Atlantico.fr : Aujourd'hui, lundi 7 octobre, s'ouvre le débat sur l’Immigration à l'Assemblée nationale. Il fait écho aux déclarations du Président de la République lors du 70ème anniversaire du Conseil de l'Europe, où il a notamment déclaré que le droit d'asile disparaîtra si on ne lutte pas contre ses détournements. Mais si le sommet de l'Etat choisit de s'atteler au lourd dossier de l'immigration et de l'intégration, encore faut-il que les agents de l'Etat sur le terrain suivent la même politique... A l'origine des relais de la politique nationale, les acteurs locaux sur le terrain, particulièrement les collectivités territoriales, appliquent aujourd'hui leurs propres choix politiques. Ce relais vous semble-t-il assuré aujourd'hui, même si à la tête de l'Etat le discours change ?
Guylain Chevrier : Le discours change, le ton et les mots, mais cela se traduira-t-il par une véritable politique d’immigration s’installant dans la cohérence, pour permettre de mieux contrôler les flux migratoires ? Pour Emmanuel Macron. « On doit traiter et protéger tous ceux qui sont sur notre territoire pour eux-mêmes et pour nous, mais là aussi il faut le faire avec raison garder, bon sens, et analyser s'il n'y a pas des excès qui existent, et je crois qu'ils existent dans certaines catégories » On a à l’esprit la « forte augmentation de la demande d’asile », portée à 123.625 personnes en 2018, soit une croissance de 22 % en un an. Le nombre de migrants a été divisé par cinq en Europe depuis 2015, mais dans le même temps les demandes d’asile ont augmenté de 50 % dans notre pays, confie un ministre. Dans les pistes évoquées, on trouve « la recherche d’harmonisation des conditions d’accueil en Europe », s’agissant notamment des prestations offertes aux demandeurs d’asile en France. « Pour un demandeur majeur hébergé par l’Etat et isolé, le montant versé en France » au titre de l’aide au demandeur d’asile (ADA) « est supérieur de 50 % à celui versé en Allemagne », par exemple. La question de couverture santé au titre de l’Aide médicale d’Etat (AME) semble devoir être questionnés, qui concerne "300.000 personnes étrangères, sans papier ou en situation précaire de séjour", au regard de du panier de soin offert, et peut-être l’introduction d’une période de carence pour les demandeurs d’asile avant de bénéficier de la Protection universelle maladie (PUMa, ex-CMU). Il souhaite "reconduire beaucoup plus efficacement les personnes qui n'ont pas vocation à rester sur le territoire parce qu'elles y sont entrées illégalement et qu'elles ont parfois demandé l'asile et qu'elles n'y avaient pas droit".

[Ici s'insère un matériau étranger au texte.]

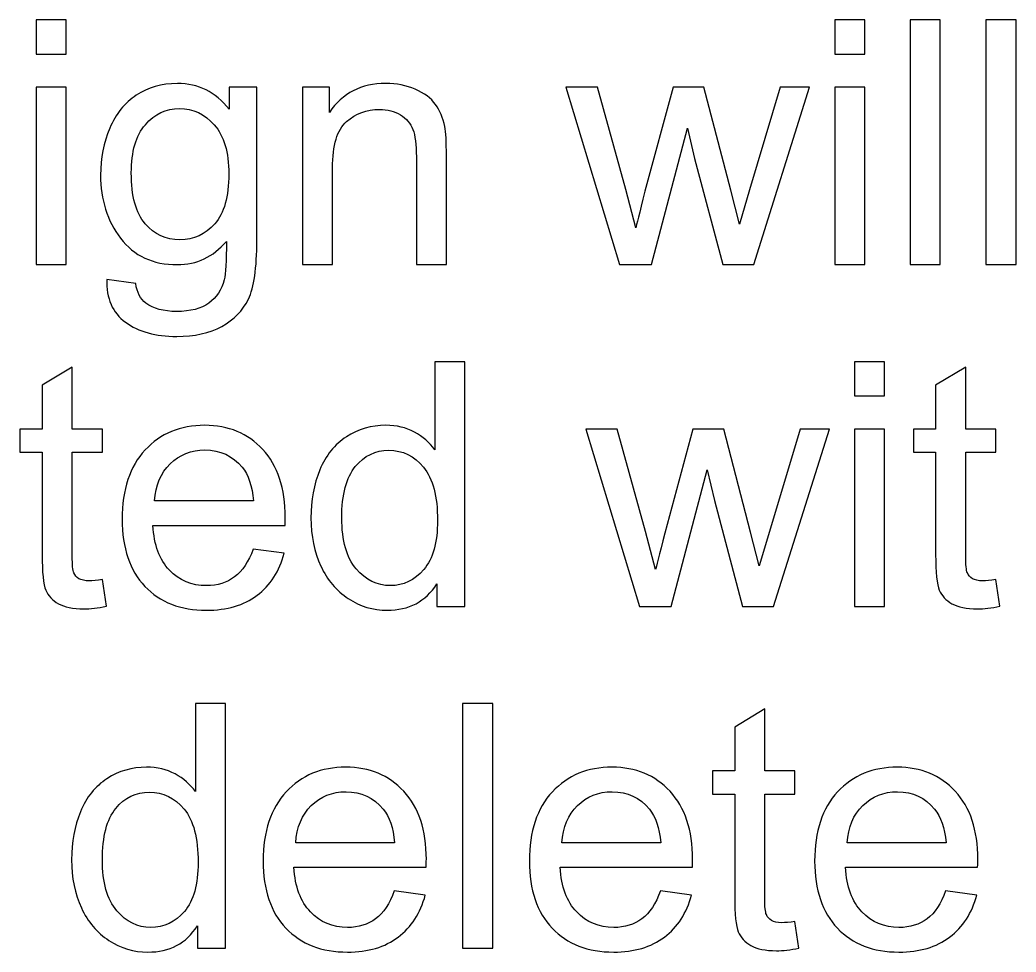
# Model space of a CAD drawing. Header units: centimetres. Extents: x -30.6 to 14.2, y -21.2 to 7.4.
# Drawn here: x -29.012 to -27.933, y 0.165 to 1.175 of the extents above; entities that cross this region are included whole.
import ezdxf

# ---------------------------------------------------------------- set-up
doc = ezdxf.new("R2010")
doc.units = ezdxf.units.CM
doc.header["$MEASUREMENT"] = 0
doc.layers.add('Layer 1', color=7, linetype='Continuous')

msp = doc.modelspace()

# ---------------------------------------------------------------- linework, layer by layer
at = {"layer": 'Layer 1'}
for points, knots in [([(-28.99461, 1.13819), (-28.99461, 1.13819), (-28.99461, 1.17523), (-28.99461, 1.17523), (-28.99461, 1.17523), (-28.99461, 1.17523), (-28.96202, 1.17523), (-28.96202, 1.17523), (-28.96202, 1.17523), (-28.96202, 1.17523), (-28.96202, 1.13819), (-28.96202, 1.13819), (-28.96202, 1.13819), (-28.96202, 1.13819), (-28.99461, 1.13819), (-28.99461, 1.13819)], [0, 0, 0, 0, 0.2, 0.2, 0.2, 0.2, 0.4, 0.4, 0.4, 0.4, 0.6, 0.6, 0.6, 0.6, 1, 1, 1, 1]), ([(-28.12986, 1.13819), (-28.12986, 1.13819), (-28.12986, 1.17523), (-28.12986, 1.17523), (-28.12986, 1.17523), (-28.12986, 1.17523), (-28.09727, 1.17523), (-28.09727, 1.17523), (-28.09727, 1.17523), (-28.09727, 1.17523), (-28.09727, 1.13819), (-28.09727, 1.13819), (-28.09727, 1.13819), (-28.09727, 1.13819), (-28.12986, 1.13819), (-28.12986, 1.13819)], [0, 0, 0, 0, 0.2, 0.2, 0.2, 0.2, 0.4, 0.4, 0.4, 0.4, 0.6, 0.6, 0.6, 0.6, 1, 1, 1, 1]), ([(-28.04831, 0.91001), (-28.04831, 0.91001), (-28.04831, 1.17523), (-28.04831, 1.17523), (-28.04831, 1.17523), (-28.04831, 1.17523), (-28.01572, 1.17523), (-28.01572, 1.17523), (-28.01572, 1.17523), (-28.01572, 1.17523), (-28.01572, 0.91001), (-28.01572, 0.91001), (-28.01572, 0.91001), (-28.01572, 0.91001), (-28.04831, 0.91001), (-28.04831, 0.91001)], [0, 0, 0, 0, 0.2, 0.2, 0.2, 0.2, 0.4, 0.4, 0.4, 0.4, 0.6, 0.6, 0.6, 0.6, 1, 1, 1, 1]), ([(-27.96602, 0.91001), (-27.96602, 0.91001), (-27.96602, 1.17523), (-27.96602, 1.17523), (-27.96602, 1.17523), (-27.96602, 1.17523), (-27.93343, 1.17523), (-27.93343, 1.17523), (-27.93343, 1.17523), (-27.93343, 1.17523), (-27.93343, 0.91001), (-27.93343, 0.91001), (-27.93343, 0.91001), (-27.93343, 0.91001), (-27.96602, 0.91001), (-27.96602, 0.91001)], [0, 0, 0, 0, 0.2, 0.2, 0.2, 0.2, 0.4, 0.4, 0.4, 0.4, 0.6, 0.6, 0.6, 0.6, 1, 1, 1, 1]), ([(-28.99461, 0.91001), (-28.99461, 0.91001), (-28.99461, 1.10226), (-28.99461, 1.10226), (-28.99461, 1.10226), (-28.99461, 1.10226), (-28.96202, 1.10226), (-28.96202, 1.10226), (-28.96202, 1.10226), (-28.96202, 1.10226), (-28.96202, 0.91001), (-28.96202, 0.91001), (-28.96202, 0.91001), (-28.96202, 0.91001), (-28.99461, 0.91001), (-28.99461, 0.91001)], [0, 0, 0, 0, 0.2, 0.2, 0.2, 0.2, 0.4, 0.4, 0.4, 0.4, 0.6, 0.6, 0.6, 0.6, 1, 1, 1, 1]), ([(-28.91831, 0.89408), (-28.91831, 0.89408), (-28.88683, 0.88964), (-28.88683, 0.88964), (-28.88683, 0.88964), (-28.88553, 0.87988), (-28.88182, 0.87278), (-28.87577, 0.86828), (-28.87577, 0.86828), (-28.86769, 0.86229), (-28.85664, 0.85926), (-28.84262, 0.85926), (-28.84262, 0.85926), (-28.82756, 0.85926), (-28.81589, 0.86229), (-28.80768, 0.86828), (-28.80768, 0.86828), (-28.79947, 0.87426), (-28.79391, 0.88272), (-28.79101, 0.89353), (-28.79101, 0.89353), (-28.78934, 0.90013), (-28.78854, 0.91402), (-28.78866, 0.9352), (-28.78866, 0.9352), (-28.80292, 0.91841), (-28.82064, 0.91001), (-28.84188, 0.91001), (-28.84188, 0.91001), (-28.8683, 0.91001), (-28.8888, 0.91952), (-28.90325, 0.93859), (-28.90325, 0.93859), (-28.91776, 0.95761), (-28.92498, 0.98045), (-28.92498, 1.00706), (-28.92498, 1.00706), (-28.92498, 1.0254), (-28.92164, 1.04231), (-28.91504, 1.05781), (-28.91504, 1.05781), (-28.90843, 1.0733), (-28.8988, 1.08522), (-28.88621, 1.09368), (-28.88621, 1.09368), (-28.87361, 1.10213), (-28.8588, 1.10633), (-28.84176, 1.10633), (-28.84176, 1.10633), (-28.8191, 1.10633), (-28.80039, 1.09707), (-28.7857, 1.07855), (-28.7857, 1.07855), (-28.7857, 1.07855), (-28.7857, 1.10226), (-28.7857, 1.10226), (-28.7857, 1.10226), (-28.7857, 1.10226), (-28.7557, 1.10226), (-28.7557, 1.10226), (-28.7557, 1.10226), (-28.7557, 1.10226), (-28.7557, 0.93625), (-28.7557, 0.93625), (-28.7557, 0.93625), (-28.7557, 0.90631), (-28.75872, 0.88513), (-28.76483, 0.87266), (-28.76483, 0.87266), (-28.77088, 0.86019), (-28.78058, 0.85031), (-28.79373, 0.84309), (-28.79373, 0.84309), (-28.80694, 0.83586), (-28.82317, 0.83222), (-28.84244, 0.83222), (-28.84244, 0.83222), (-28.86534, 0.83222), (-28.8838, 0.83735), (-28.89788, 0.84766), (-28.89788, 0.84766), (-28.91201, 0.8579), (-28.9188, 0.8734), (-28.91831, 0.89408)], [0, 0, 0, 0, 0.0454545, 0.0454545, 0.0454545, 0.0454545, 0.0909091, 0.0909091, 0.0909091, 0.0909091, 0.1363636, 0.1363636, 0.1363636, 0.1363636, 0.1818182, 0.1818182, 0.1818182, 0.1818182, 0.2272727, 0.2272727, 0.2272727, 0.2272727, 0.2727273, 0.2727273, 0.2727273, 0.2727273, 0.3181818, 0.3181818, 0.3181818, 0.3181818, 0.3636364, 0.3636364, 0.3636364, 0.3636364, 0.4090909, 0.4090909, 0.4090909, 0.4090909, 0.4545455, 0.4545455, 0.4545455, 0.4545455, 0.5, 0.5, 0.5, 0.5, 0.5454545, 0.5454545, 0.5454545, 0.5454545, 0.5909091, 0.5909091, 0.5909091, 0.5909091, 0.6363636, 0.6363636, 0.6363636, 0.6363636, 0.6818182, 0.6818182, 0.6818182, 0.6818182, 0.7272727, 0.7272727, 0.7272727, 0.7272727, 0.7727273, 0.7727273, 0.7727273, 0.7727273, 0.8181818, 0.8181818, 0.8181818, 0.8181818, 0.8636364, 0.8636364, 0.8636364, 0.8636364, 0.9090909, 0.9090909, 0.9090909, 0.9090909, 1, 1, 1, 1]), ([(-28.7063, 0.91001), (-28.7063, 0.91001), (-28.7063, 1.10226), (-28.7063, 1.10226), (-28.7063, 1.10226), (-28.7063, 1.10226), (-28.67704, 1.10226), (-28.67704, 1.10226), (-28.67704, 1.10226), (-28.67704, 1.10226), (-28.67704, 1.07497), (-28.67704, 1.07497), (-28.67704, 1.07497), (-28.66296, 1.0959), (-28.64259, 1.10633), (-28.61598, 1.10633), (-28.61598, 1.10633), (-28.60438, 1.10633), (-28.59376, 1.10423), (-28.58406, 1.1001), (-28.58406, 1.1001), (-28.57437, 1.09596), (-28.56709, 1.09047), (-28.56227, 1.08374), (-28.56227, 1.08374), (-28.55746, 1.07701), (-28.55406, 1.06898), (-28.55215, 1.05972), (-28.55215, 1.05972), (-28.55097, 1.05367), (-28.55036, 1.04311), (-28.55036, 1.02805), (-28.55036, 1.02805), (-28.55036, 1.02805), (-28.55036, 0.91001), (-28.55036, 0.91001), (-28.55036, 0.91001), (-28.55036, 0.91001), (-28.58295, 0.91001), (-28.58295, 0.91001), (-28.58295, 0.91001), (-28.58295, 0.91001), (-28.58295, 1.02682), (-28.58295, 1.02682), (-28.58295, 1.02682), (-28.58295, 1.04009), (-28.58419, 1.05003), (-28.58672, 1.05657), (-28.58672, 1.05657), (-28.58925, 1.06312), (-28.59376, 1.06836), (-28.60018, 1.07232), (-28.60018, 1.07232), (-28.6066, 1.07621), (-28.61419, 1.07818), (-28.62283, 1.07818), (-28.62283, 1.07818), (-28.63666, 1.07818), (-28.64858, 1.0738), (-28.65864, 1.06497), (-28.65864, 1.06497), (-28.6687, 1.0562), (-28.67371, 1.03947), (-28.67371, 1.0149), (-28.67371, 1.0149), (-28.67371, 1.0149), (-28.67371, 0.91001), (-28.67371, 0.91001), (-28.67371, 0.91001), (-28.67371, 0.91001), (-28.7063, 0.91001), (-28.7063, 0.91001)], [0, 0, 0, 0, 0.0526316, 0.0526316, 0.0526316, 0.0526316, 0.1052632, 0.1052632, 0.1052632, 0.1052632, 0.1578947, 0.1578947, 0.1578947, 0.1578947, 0.2105263, 0.2105263, 0.2105263, 0.2105263, 0.2631579, 0.2631579, 0.2631579, 0.2631579, 0.3157895, 0.3157895, 0.3157895, 0.3157895, 0.3684211, 0.3684211, 0.3684211, 0.3684211, 0.4210526, 0.4210526, 0.4210526, 0.4210526, 0.4736842, 0.4736842, 0.4736842, 0.4736842, 0.5263158, 0.5263158, 0.5263158, 0.5263158, 0.5789474, 0.5789474, 0.5789474, 0.5789474, 0.6315789, 0.6315789, 0.6315789, 0.6315789, 0.6842105, 0.6842105, 0.6842105, 0.6842105, 0.7368421, 0.7368421, 0.7368421, 0.7368421, 0.7894737, 0.7894737, 0.7894737, 0.7894737, 0.8421053, 0.8421053, 0.8421053, 0.8421053, 0.8947368, 0.8947368, 0.8947368, 0.8947368, 1, 1, 1, 1]), ([(-28.36279, 0.91001), (-28.36279, 0.91001), (-28.42088, 1.10226), (-28.42088, 1.10226), (-28.42088, 1.10226), (-28.42088, 1.10226), (-28.38681, 1.10226), (-28.38681, 1.10226), (-28.38681, 1.10226), (-28.38681, 1.10226), (-28.35612, 0.99132), (-28.35612, 0.99132), (-28.35612, 0.99132), (-28.35612, 0.99132), (-28.34526, 0.95002), (-28.34526, 0.95002), (-28.34526, 0.95002), (-28.34482, 0.95205), (-28.34149, 0.96526), (-28.33532, 0.98965), (-28.33532, 0.98965), (-28.33532, 0.98965), (-28.30488, 1.10226), (-28.30488, 1.10226), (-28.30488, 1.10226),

Le Président souhaite ainsi, par des éléments nouveaux de dissuasion, freiner l’immigration et particulièrement, même si cela n’est pas cité, pas seulement l’immigration qui profiterait trop du système de façon illégitime au regard du motif affiché pour rejoindre notre territoire, mais l’immigration illégale qui est aussi un véritable fléau. "La France ne peut pas accueillir tout le monde si elle veut accueillir bien" explique aujourd’hui Emmanuel Macron. Effectivement, il devient impossible d’accueillir matériellement, économiquement et socialement les migrants. Mais on peut encore moins aujourd’hui intégrer, au sens républicain du terme, plusieurs centaines de milliers d’immigrés par an, au regard des équilibres internes à notre société. On le voit à travers la montée d’affirmation identitaires qui télescopent nos mœurs, modes de vie, nos lois républicaines et nourrissent les thèses de l’extrême droite.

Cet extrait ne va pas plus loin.